森が見た夢:3章あらすじ
2023 年 3 月 1 日 by SIGN
第1章2節の続き。章と彼の友人はアーケード街を人混みをかき分けながら歩いていく。通りの両側にある店を眺めながら、章はその明るさになぜか違和感を感じていた。明るさとはそれぞれの店が放つ照明の光でもあり、その光にこめられたメッセージでもあり、そんな明るさを押し付けられるように感じた。
二人はそこから一筋入った薄暗い通りにある行きつけの店に向かう。店の名前は『鉄板焼すみれ』お好み焼きの店だった。女主人が一人で切り盛りする最近では珍しい『頑固な店』だったが、店内は常連客で賑わっていた。

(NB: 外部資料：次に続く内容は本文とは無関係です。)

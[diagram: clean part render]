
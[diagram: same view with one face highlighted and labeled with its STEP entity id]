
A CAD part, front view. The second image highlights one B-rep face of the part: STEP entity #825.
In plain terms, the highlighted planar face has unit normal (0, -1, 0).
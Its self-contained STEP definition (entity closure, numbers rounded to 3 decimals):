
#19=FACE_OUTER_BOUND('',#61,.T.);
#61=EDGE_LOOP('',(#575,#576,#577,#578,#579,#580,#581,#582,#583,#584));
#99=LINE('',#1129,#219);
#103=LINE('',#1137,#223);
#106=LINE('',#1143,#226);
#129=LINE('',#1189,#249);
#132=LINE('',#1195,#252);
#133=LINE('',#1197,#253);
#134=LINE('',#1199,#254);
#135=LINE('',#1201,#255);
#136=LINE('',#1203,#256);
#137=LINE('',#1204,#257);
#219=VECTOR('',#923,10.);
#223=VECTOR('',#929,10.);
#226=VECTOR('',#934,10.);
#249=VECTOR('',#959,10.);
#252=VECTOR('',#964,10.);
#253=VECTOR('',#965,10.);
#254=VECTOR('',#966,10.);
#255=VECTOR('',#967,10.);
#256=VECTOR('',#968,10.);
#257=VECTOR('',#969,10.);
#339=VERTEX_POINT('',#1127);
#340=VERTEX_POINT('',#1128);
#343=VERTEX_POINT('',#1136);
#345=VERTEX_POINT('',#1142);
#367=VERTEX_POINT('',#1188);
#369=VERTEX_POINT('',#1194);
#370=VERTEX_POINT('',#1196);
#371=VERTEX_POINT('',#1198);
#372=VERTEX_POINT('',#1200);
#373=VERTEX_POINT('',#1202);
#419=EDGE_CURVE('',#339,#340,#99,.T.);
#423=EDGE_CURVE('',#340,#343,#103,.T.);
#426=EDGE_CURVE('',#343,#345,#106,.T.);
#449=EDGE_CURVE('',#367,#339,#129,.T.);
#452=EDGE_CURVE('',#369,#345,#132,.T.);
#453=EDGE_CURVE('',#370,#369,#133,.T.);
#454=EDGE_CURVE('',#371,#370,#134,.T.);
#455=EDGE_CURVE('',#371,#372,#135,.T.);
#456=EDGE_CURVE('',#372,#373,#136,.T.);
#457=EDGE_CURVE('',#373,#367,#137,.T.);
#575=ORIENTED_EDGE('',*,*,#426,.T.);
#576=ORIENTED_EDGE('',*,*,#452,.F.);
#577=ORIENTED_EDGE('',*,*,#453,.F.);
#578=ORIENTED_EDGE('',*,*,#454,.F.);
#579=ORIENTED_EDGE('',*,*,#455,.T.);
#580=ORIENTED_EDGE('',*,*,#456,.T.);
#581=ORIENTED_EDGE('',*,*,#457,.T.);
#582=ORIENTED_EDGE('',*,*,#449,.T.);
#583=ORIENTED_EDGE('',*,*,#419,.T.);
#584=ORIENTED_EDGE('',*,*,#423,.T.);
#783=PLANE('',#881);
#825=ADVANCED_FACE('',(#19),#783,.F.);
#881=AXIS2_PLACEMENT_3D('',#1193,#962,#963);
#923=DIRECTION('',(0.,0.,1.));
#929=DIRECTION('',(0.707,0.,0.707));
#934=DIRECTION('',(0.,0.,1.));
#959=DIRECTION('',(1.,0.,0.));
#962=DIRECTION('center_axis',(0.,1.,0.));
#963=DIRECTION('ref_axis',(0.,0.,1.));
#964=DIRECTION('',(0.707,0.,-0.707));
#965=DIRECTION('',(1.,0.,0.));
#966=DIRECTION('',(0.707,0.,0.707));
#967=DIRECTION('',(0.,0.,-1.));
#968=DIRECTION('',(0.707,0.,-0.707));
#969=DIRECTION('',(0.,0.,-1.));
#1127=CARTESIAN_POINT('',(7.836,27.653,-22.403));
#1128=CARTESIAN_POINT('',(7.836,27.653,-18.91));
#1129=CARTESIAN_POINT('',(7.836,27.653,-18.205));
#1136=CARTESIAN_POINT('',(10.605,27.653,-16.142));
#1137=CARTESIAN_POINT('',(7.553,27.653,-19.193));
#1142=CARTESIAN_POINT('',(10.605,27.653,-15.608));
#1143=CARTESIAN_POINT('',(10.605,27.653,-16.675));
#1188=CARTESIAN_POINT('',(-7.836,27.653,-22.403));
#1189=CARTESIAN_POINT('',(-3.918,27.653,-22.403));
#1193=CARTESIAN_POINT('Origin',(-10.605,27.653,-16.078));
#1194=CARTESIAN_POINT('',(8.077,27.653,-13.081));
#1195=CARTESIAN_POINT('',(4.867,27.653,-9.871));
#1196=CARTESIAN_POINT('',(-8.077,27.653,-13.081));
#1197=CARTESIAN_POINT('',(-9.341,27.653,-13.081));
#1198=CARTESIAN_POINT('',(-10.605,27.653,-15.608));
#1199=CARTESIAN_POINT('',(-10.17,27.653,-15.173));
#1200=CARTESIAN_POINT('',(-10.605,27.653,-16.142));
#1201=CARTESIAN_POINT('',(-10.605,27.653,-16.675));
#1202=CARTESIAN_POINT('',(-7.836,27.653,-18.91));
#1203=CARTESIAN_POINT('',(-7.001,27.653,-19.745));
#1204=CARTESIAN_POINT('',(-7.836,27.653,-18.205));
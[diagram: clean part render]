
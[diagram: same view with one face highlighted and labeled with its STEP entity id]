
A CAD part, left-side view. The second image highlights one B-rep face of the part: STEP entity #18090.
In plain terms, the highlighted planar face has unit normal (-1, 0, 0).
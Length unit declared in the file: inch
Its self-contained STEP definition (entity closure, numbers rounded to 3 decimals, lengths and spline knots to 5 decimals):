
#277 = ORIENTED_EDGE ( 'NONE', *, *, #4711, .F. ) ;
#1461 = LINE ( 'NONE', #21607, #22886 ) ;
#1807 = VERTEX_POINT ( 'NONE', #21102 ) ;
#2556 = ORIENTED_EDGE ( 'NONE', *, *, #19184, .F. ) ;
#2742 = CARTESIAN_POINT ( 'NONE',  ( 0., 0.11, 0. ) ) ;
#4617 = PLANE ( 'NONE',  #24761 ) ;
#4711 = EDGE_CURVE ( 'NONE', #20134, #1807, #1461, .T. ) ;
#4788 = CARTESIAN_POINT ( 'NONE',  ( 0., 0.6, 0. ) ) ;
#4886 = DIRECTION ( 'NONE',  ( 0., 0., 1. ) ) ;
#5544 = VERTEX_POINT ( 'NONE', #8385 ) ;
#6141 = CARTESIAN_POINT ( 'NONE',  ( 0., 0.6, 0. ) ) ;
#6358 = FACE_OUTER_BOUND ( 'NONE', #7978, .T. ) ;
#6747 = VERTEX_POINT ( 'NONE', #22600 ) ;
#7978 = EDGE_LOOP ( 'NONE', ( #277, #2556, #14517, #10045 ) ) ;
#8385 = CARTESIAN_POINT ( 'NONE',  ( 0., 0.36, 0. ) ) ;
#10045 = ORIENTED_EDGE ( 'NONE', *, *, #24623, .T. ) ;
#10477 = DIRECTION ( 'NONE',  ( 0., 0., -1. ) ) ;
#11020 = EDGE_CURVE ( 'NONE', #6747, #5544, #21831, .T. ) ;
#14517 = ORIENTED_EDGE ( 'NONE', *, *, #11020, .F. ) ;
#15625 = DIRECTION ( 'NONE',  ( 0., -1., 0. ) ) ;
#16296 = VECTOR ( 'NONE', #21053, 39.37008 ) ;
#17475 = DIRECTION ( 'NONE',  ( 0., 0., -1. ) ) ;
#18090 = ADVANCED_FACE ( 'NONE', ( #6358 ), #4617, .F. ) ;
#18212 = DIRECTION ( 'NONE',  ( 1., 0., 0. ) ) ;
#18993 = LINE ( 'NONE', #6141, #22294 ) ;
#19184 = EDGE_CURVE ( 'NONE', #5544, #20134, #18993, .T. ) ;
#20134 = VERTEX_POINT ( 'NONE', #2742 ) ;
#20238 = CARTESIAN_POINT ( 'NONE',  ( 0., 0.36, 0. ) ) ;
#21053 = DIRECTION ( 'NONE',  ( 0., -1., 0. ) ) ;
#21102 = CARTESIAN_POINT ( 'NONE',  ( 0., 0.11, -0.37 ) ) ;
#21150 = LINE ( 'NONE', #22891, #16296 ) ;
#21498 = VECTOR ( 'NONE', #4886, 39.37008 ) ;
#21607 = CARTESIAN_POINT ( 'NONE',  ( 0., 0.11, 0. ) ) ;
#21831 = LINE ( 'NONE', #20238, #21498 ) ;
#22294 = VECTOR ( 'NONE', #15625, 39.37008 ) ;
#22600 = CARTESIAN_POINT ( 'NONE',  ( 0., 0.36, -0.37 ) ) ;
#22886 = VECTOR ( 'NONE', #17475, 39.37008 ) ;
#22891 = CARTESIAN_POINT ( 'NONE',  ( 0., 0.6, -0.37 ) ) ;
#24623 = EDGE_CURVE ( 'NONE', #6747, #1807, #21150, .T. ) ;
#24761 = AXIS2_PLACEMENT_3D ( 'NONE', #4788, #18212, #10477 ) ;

そこで友人は章の悩みを聞き出そうとする。しかし、章自身は相談したいことなど思いつかず、店の女将から仕事のことを尋ねられても自信を持った答え方をする。今の状況に不満があるようには見えなかったが、彼の友人は何かを感じ取っていた。
会話の中で度々出てくる月に関するこだわりや、学生時代の相棒と比較して自分を卑下する言い方に、友人は章に「今の話を聞いていろいろ言いたいことはあるが… 」と語り始める。「お前もそっち側の人間だよ」と。
学生時代から章を知る友人は、今の章は合理主義の『ふりをしている』だけで本当はもっと別の理解の仕方をする人間だと思っていた。『ふりをする』のに疲れてわからなくなり、自分を含むこの当たり前の世界にさえ苛立っているように見えた。
そして友人は章に言った。「もういいよ、やりたいことやれよ」
そう言われて、あらためて自分の欲求に気づいた章は、祖父に会いそれを確かめようと決意した。